The benchmark Indian 10-year government bond yield was at 7.4552% as of 0415 GMT.

The yield jumped to 7.4816% earlier in the session, its highest since June 21.

It ended at 7.3621% on Tuesday, posting its biggest single session drop in one-and-a-half months.

The market was closed on Wednesday.

“As expected, there was a gap-up opening and we are now set to hit 7.50%, which can be seen today itself,” a trader with a state-run bank said.

“With oil prices also moving up, it would be very difficult for yields to now see any major fall in the near term.” Indian government bonds remain on the radar for inclusion in J.P. Morgan’s emerging market local currency debt index after a review on Tuesday, the bank said.

Indian bond yields rise as supply worries haunt after RBI rate hike

Some investors had hoped the Wall Street bank include Indian bonds this year after Russia’s exit from the GBI-EM benchmark, which is tracked by an estimated $240 billion of funds.
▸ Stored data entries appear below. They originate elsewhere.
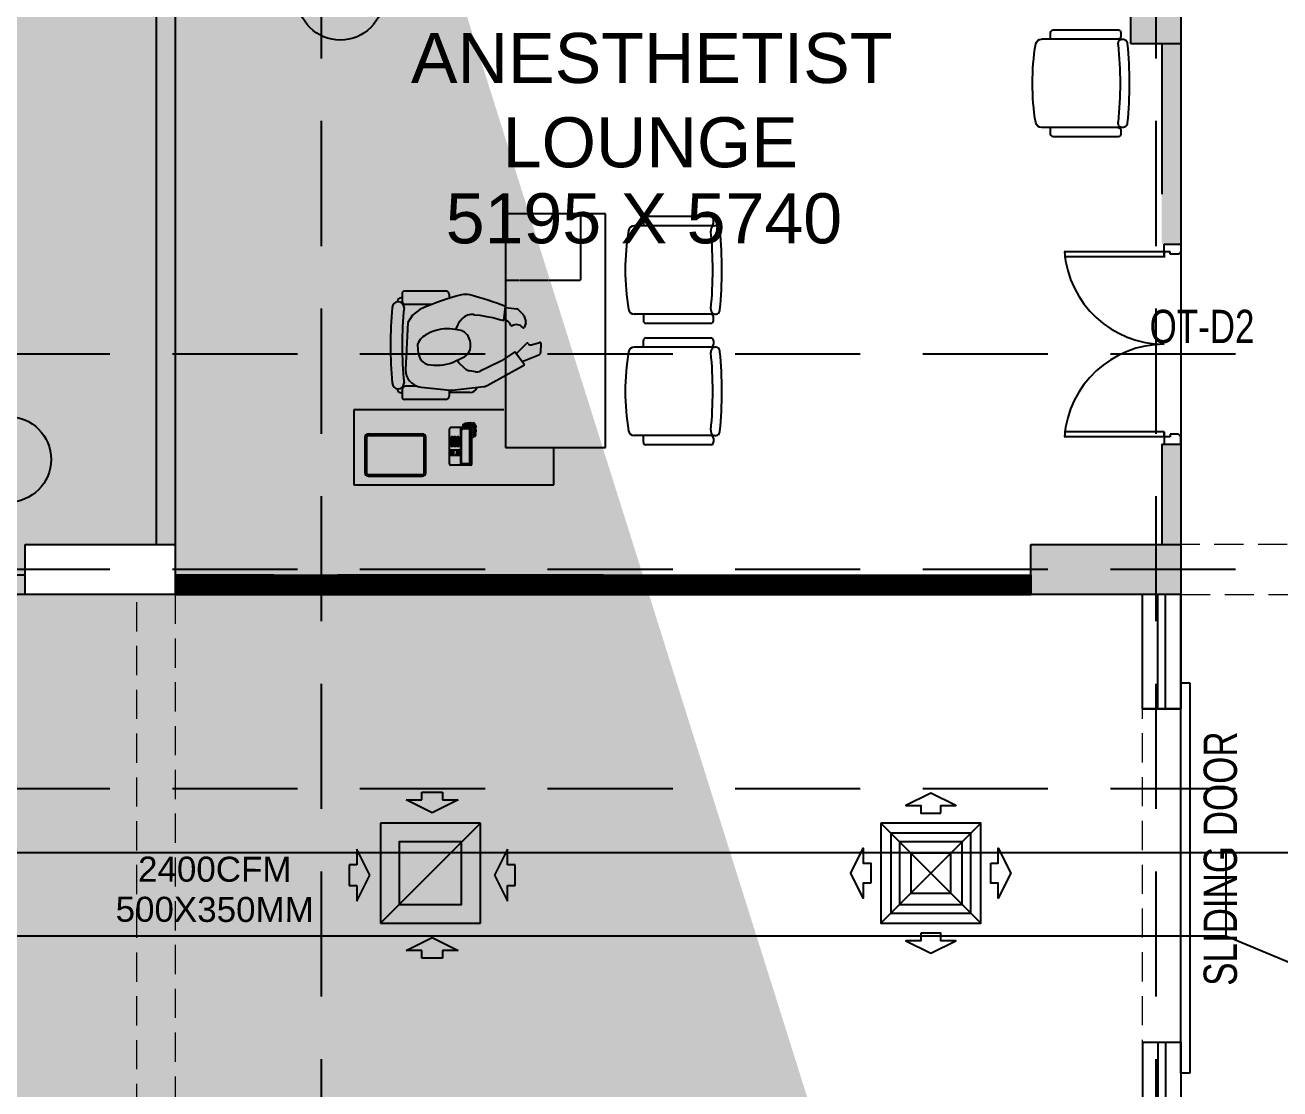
# Model space of a CAD drawing. Extents: x 11598203 to 11995143, y -3849975 to -3698974.
# Drawn here: x 11960069 to 11967593, y -3783245 to -3776868 of the extents above; entities that cross this region are included whole.
import ezdxf

# ---------------------------------------------------------------- set-up
doc = ezdxf.new("R2010")
doc.units = 0
doc.header["$MEASUREMENT"] = 0
doc.linetypes.add('HIDDEN', pattern=[0.375, 0.25, -0.125])
doc.layers.get('0').update_dxf_attribs({"linetype": 'CONTINUOUS'})
for name, color, linetype in [('BEAM', 8, 'CONTINUOUS'), ('GRID LINES', 9, 'CONTINUOUS'), ('HATCH', 7, 'CONTINUOUS'), ('HS', 7, 'CONTINUOUS'), ('MEP_HVAC_RA_DIFFUSER', 6, 'CONTINUOUS'), ('MEP_HVAC_SA_DIFFUSER', 5, 'CONTINUOUS'), ('MEP_HVAC_SA_DUCT', 3, 'CONTINUOUS'), ('SECTION', 8, 'CONTINUOUS')]:
    doc.layers.add(name, color=color, linetype=linetype)
doc.layers.add('MEP_HVAC_TEXT', color=7, linetype='CONTINUOUS', lineweight=0)
doc.styles.add('ARIAL', font='arial.ttf', dxfattribs={"width": 0.75})
doc.styles.get("Standard").update_dxf_attribs({"font": 'arial.ttf'})

# ---------------------------------------------------------------- blocks, each defined once
blk = doc.blocks.new('8TH FLOOR')
at = {"ltscale": 500}
for points in [[(-15960, 32490), (-16075, 32490), (-16075, 29190), (-15960, 29190)], [(-10045, 32190), (-9930, 32190), (-9930, 30990), (-10045, 30990)], [(-10045, 29790), (-9930, 29790), (-9930, 29190), (-10045, 29190)]]:
    blk.add_hatch(color=8, dxfattribs=at).paths.add_polyline_path(points)
at = {"layer": 'HATCH', "ltscale": 500}
h = blk.add_hatch(color=32, dxfattribs=at)
h.dxf.hatch_style = 1
h.paths.add_polyline_path([(-44310, 10130), (-44010, 10130), (-44010, 9230), (-44310, 9230)])
h.paths.add_polyline_path([(-6930, 6230), (-6630, 6230), (-6630, 5251.7), (-6930, 5251.7)])
h.paths.add_polyline_path([(-900, 6265), (0, 6265), (0, 5965), (-900, 5965)])
h.paths.add_polyline_path([(-31623.7, -10480), (-31023.7, -10480), (-31023.7, -10780), (-31623.7, -10780)])
h.paths.add_polyline_path([(-36805, -13010), (-36055, -13010), (-36055, -13310), (-36805, -13310)])
h.paths.add_polyline_path([(-26485, 200), (-26185, 200), (-26185, -700), (-26485, -700)])
h.paths.add_polyline_path([(-36355, -17735), (-36055, -17735), (-36055, -18485), (-36355, -18485)])
h.paths.add_polyline_path([(-4100, 200), (-3500, 200), (-3500, -100), (-4100, -100)])
h.paths.add_polyline_path([(-47740, 18320), (-46990, 18320), (-46990, 18020), (-47740, 18020)])
h.paths.add_polyline_path([(-47740, 14790), (-46840, 14790), (-46840, 14490), (-47740, 14490)])
h.paths.add_polyline_path([(-10758.3, 300), (-9930, 300), (-9930, 0), (-10758.3, 0)])
h.paths.add_polyline_path([(-36805, -7680), (-36055, -7680), (-36055, -7980), (-36805, -7980)])
h.paths.add_polyline_path([(-34515, 900), (-34215, 900), (-34215, 0), (-34515, 0)])
h.paths.add_polyline_path([(-40685, 750), (-40385, 750), (-40385, 0), (-40685, 0)])
h.paths.add_polyline_path([(-41010, -25), (-40710, -25), (-40710, -775), (-41010, -775)])
h.paths.add_polyline_path([(-47740, 29190), (-46990, 29190), (-46990, 28890), (-47740, 28890)])
h.paths.add_polyline_path([(-900, 29190), (0, 29190), (0, 28890), (-900, 28890)])
h.paths.add_polyline_path([(-47840, 10130), (-47540, 10130), (-47540, 9230), (-47840, 9230)])
h.paths.add_polyline_path([(-41010, 750), (-40710, 750), (-40710, 0), (-41010, 0)])
h.paths.add_polyline_path([(-1000, 42920), (-700, 42920), (-700, 43898.3), (-1000, 43898.3)])
h.paths.add_polyline_path([(-47740, 21920), (-46990, 21920), (-46990, 21620), (-47740, 21620)])
h.paths.add_polyline_path([(-19285, 200), (-18985, 200), (-18985, -700), (-19285, -700)])
h.paths.add_polyline_path([(-900, 49150), (0, 49150), (0, 48850), (-900, 48850)])
h.paths.add_polyline_path([(-900, 32790), (0, 32790), (0, 32490), (-900, 32490)])
h.paths.add_polyline_path([(-47740, 25520), (-46990, 25520), (-46990, 25220), (-47740, 25220)])
h.paths.add_polyline_path([(-15685, 6230), (-15385, 6230), (-15385, 5330), (-15685, 5330)])
h.paths.add_polyline_path([(-900, 25520), (0, 25520), (0, 25220), (-900, 25220)])
h.paths.add_polyline_path([(-39510, -13010), (-38760, -13010), (-38760, -13310), (-39510, -13310)])
h.paths.add_polyline_path([(-42695, 39920), (-42395, 39920), (-42395, 39320), (-42695, 39320)])
h.paths.add_polyline_path([(-47740, 39920), (-46840, 39920), (-46840, 39620), (-47740, 39620)])
h.paths.add_polyline_path([(-900, 39920), (-100, 39920), (-100, 39620), (-900, 39620)])
h.paths.add_polyline_path([(-4100, 11190), (-3401.1, 11190), (-3401.1, 10890), (-4100, 10890)])
h.paths.add_polyline_path([(-31623.7, -7730), (-31023.7, -7730), (-31023.7, -8030), (-31623.7, -8030)])
h.paths.add_polyline_path([(-44760, -18185), (-44010, -18185), (-44010, -18485), (-44760, -18485)])
h.paths.add_polyline_path([(-6930, 300), (-6101.7, 300), (-6101.7, 0), (-6930, 0)])
h.paths.add_polyline_path([(-900, 18320), (0, 18320), (0, 18020), (-900, 18020)])
h.paths.add_polyline_path([(-48040, -18185), (-47290, -18185), (-47290, -18485), (-48040, -18485)])
h.paths.add_polyline_path([(-42695, 43520), (-42395, 43520), (-42395, 42920), (-42695, 42920)])
h.paths.add_polyline_path([(-39510, -10530), (-38760, -10530), (-38760, -10830), (-39510, -10830)])
h.paths.add_polyline_path([(-42370, 43520), (-42070, 43520), (-42070, 42920), (-42370, 42920)])
h.paths.add_polyline_path([(-39510, -7680), (-38760, -7680), (-38760, -7980), (-39510, -7980)])
h.paths.add_polyline_path([(-46360, 43820), (-46060, 43820), (-46060, 42920), (-46360, 42920)])
h.paths.add_polyline_path([(-900, 300), (0, 300), (0, 0), (-900, 0)])
h.paths.add_polyline_path([(-28250, 51450), (-27950, 51450), (-27950, 50550), (-28250, 50550)])
h.paths.add_polyline_path([(-22220, 51450), (-21920, 51450), (-21920, 50550), (-22220, 50550)])
h.paths.add_polyline_path([(-44310, 750), (-44010, 750), (-44010, 0), (-44310, 0)])
h.paths.add_polyline_path([(-42370, 39920), (-42070, 39920), (-42070, 39320), (-42370, 39320)])
h.paths.add_polyline_path([(-31550, 51450), (-31250, 51450), (-31250, 50550), (-31550, 50550)])
h.paths.add_polyline_path([(-46360, 49700), (-46060, 49700), (-46060, 48950), (-46360, 48950)])
h.paths.add_polyline_path([(-42695, 36320), (-42395, 36320), (-42395, 35720), (-42695, 35720)])
h.paths.add_polyline_path([(-42370, 35720), (-42070, 35720), (-42070, 36320), (-42370, 36320)])
h.paths.add_polyline_path([(-44310, 15240), (-44010, 15240), (-44010, 14490), (-44310, 14490)])
h.paths.add_polyline_path([(-42695, 49700), (-42395, 49700), (-42395, 48950), (-42695, 48950)])
h.paths.add_polyline_path([(-44760, -25), (-44010, -25), (-44010, -325), (-44760, -325)])
h.paths.add_polyline_path([(-15685, 200), (-15385, 200), (-15385, -700), (-15685, -700)])
h.paths.add_polyline_path([(-39510, -5200), (-38760, -5200), (-38760, -5500), (-39510, -5500)])
h.paths.add_polyline_path([(-44310, 6230), (-44010, 6230), (-44010, 5480), (-44310, 5480)])
h.paths.add_polyline_path([(-36355, -25), (-36055, -25), (-36055, -775), (-36355, -775)])
h.paths.add_polyline_path([(-22885, 200), (-22585, 200), (-22585, -700), (-22885, -700)])
h.paths.add_polyline_path([(-900, 36320), (0, 36320), (0, 36020), (-900, 36020)])
h.paths.add_polyline_path([(-47740, 32790), (-46990, 32790), (-46990, 32490), (-47740, 32490)])
h.paths.add_polyline_path([(-6930, -25), (-6330, -25), (-6330, -325), (-6930, -325)])
h.paths.add_polyline_path([(-41010, -17735), (-40710, -17735), (-40710, -18485), (-41010, -18485)])
h.paths.add_polyline_path([(-36805, -5200), (-36055, -5200), (-36055, -5500), (-36805, -5500)])
h.paths.add_polyline_path([(-48015, -25), (-47265, -25), (-47265, -325), (-48015, -325)])
h.paths.add_polyline_path([(-10530, -25), (-9930, -25), (-9930, -325), (-10530, -325)])
h.paths.add_polyline_path([(-46840, 36320), (-47740, 36320), (-47740, 36020), (-46840, 36020)])
h.paths.add_polyline_path([(-34515, 6230), (-34215, 6230), (-34215, 5330), (-34515, 5330)])
h.paths.add_polyline_path([(-30085, 200), (-29785, 200), (-29785, -700), (-30085, -700)])
h.paths.add_polyline_path([(-36805, -10530), (-36055, -10530), (-36055, -10830), (-36805, -10830)])
h.paths.add_polyline_path([(-10230, 6230), (-9930, 6230), (-9930, 5330), (-10230, 5330)])
h.paths.add_polyline_path([(-900, 14790), (0, 14790), (0, 14490), (-900, 14490)])
h.paths.add_polyline_path([(-900, 9530), (78.3, 9530), (78.3, 9230), (-900, 9230)])
h.paths.add_polyline_path([(-39940, 49850), (-39640, 49850), (-39640, 48950), (-39940, 48950)])
edge = h.paths.add_edge_path()
edge.add_line((-19435, 49850), (-19435, 48950))
edge.add_line((-6930, 9230), (-5951.7, 9230))
edge.add_line((-41010, 15240), (-41010, 14490))
edge.add_line((-19135, 42920), (-19135, 43820))
edge.add_line((-40710, 5480), (-40710, 6230))
edge.add_line((-40685, 6230), (-40685, 5480))
h.paths.add_polyline_path([(-22220, 9530), (-21320, 9530), (-21320, 9230), (-22220, 9230)])
h.paths.add_polyline_path([(-37580, 10130), (-37280, 10130), (-37280, 9230), (-37580, 9230)])
h.paths.add_polyline_path([(-40685, 9980), (-40385, 9980), (-40385, 9230), (-40685, 9230)])
h.paths.add_polyline_path([(-40685, 6230), (-40385, 6230), (-40385, 5480), (-40685, 5480)])
h.paths.add_polyline_path([(-32228.3, 9530), (-31250, 9530), (-31250, 9230), (-32228.3, 9230)])
h.paths.add_polyline_path([(-30424.1, 6230), (-29445.9, 6230), (-29445.9, 5930), (-30424.1, 5930)])
h.paths.add_polyline_path([(-16860, 9530), (-15960, 9530), (-15960, 9230), (-16860, 9230)])
h.paths.add_polyline_path([(-28250, 9530), (-27271.7, 9530), (-27271.7, 9230), (-28250, 9230)])
h.paths.add_polyline_path([(-10830, 9530), (-9930, 9530), (-9930, 9230), (-10830, 9230)])
h.paths.add_polyline_path([(-41010, 9980), (-40710, 9980), (-40710, 9230), (-41010, 9230)])
h.paths.add_polyline_path([(-41010, 6230), (-40710, 6230), (-40710, 5480), (-41010, 5480)])
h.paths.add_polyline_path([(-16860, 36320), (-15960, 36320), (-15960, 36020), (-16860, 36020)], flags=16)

However, other investors cited investment hurdles, “including a lengthy investor registration process and the operational readiness required for trading, settlement and custody of assets onshore,” J.P. Morgan said in a statement.

India’s inclusion in the index was set to be pushed into next year due to a number of issues, Reuters reported last week, while index provider FTSE Russell also deferred including India in its FTSE Emerging Markets Government Bond Index.

The constant rise in global oil prices is also hurting sentiment as India is one of the largest importers of the commodity and higher prices have a direct impact on inflation.

Oil prices edged up after the Organization of Petroleum Exporting Countries and its allies, including Russia, agreed to slash oil production by about 2 million barrel per day, which would squeeze supplies in an already tight market.

The benchmark Brent crude contract is up by 6.4% so far this week and was last at $93.60 per barrel.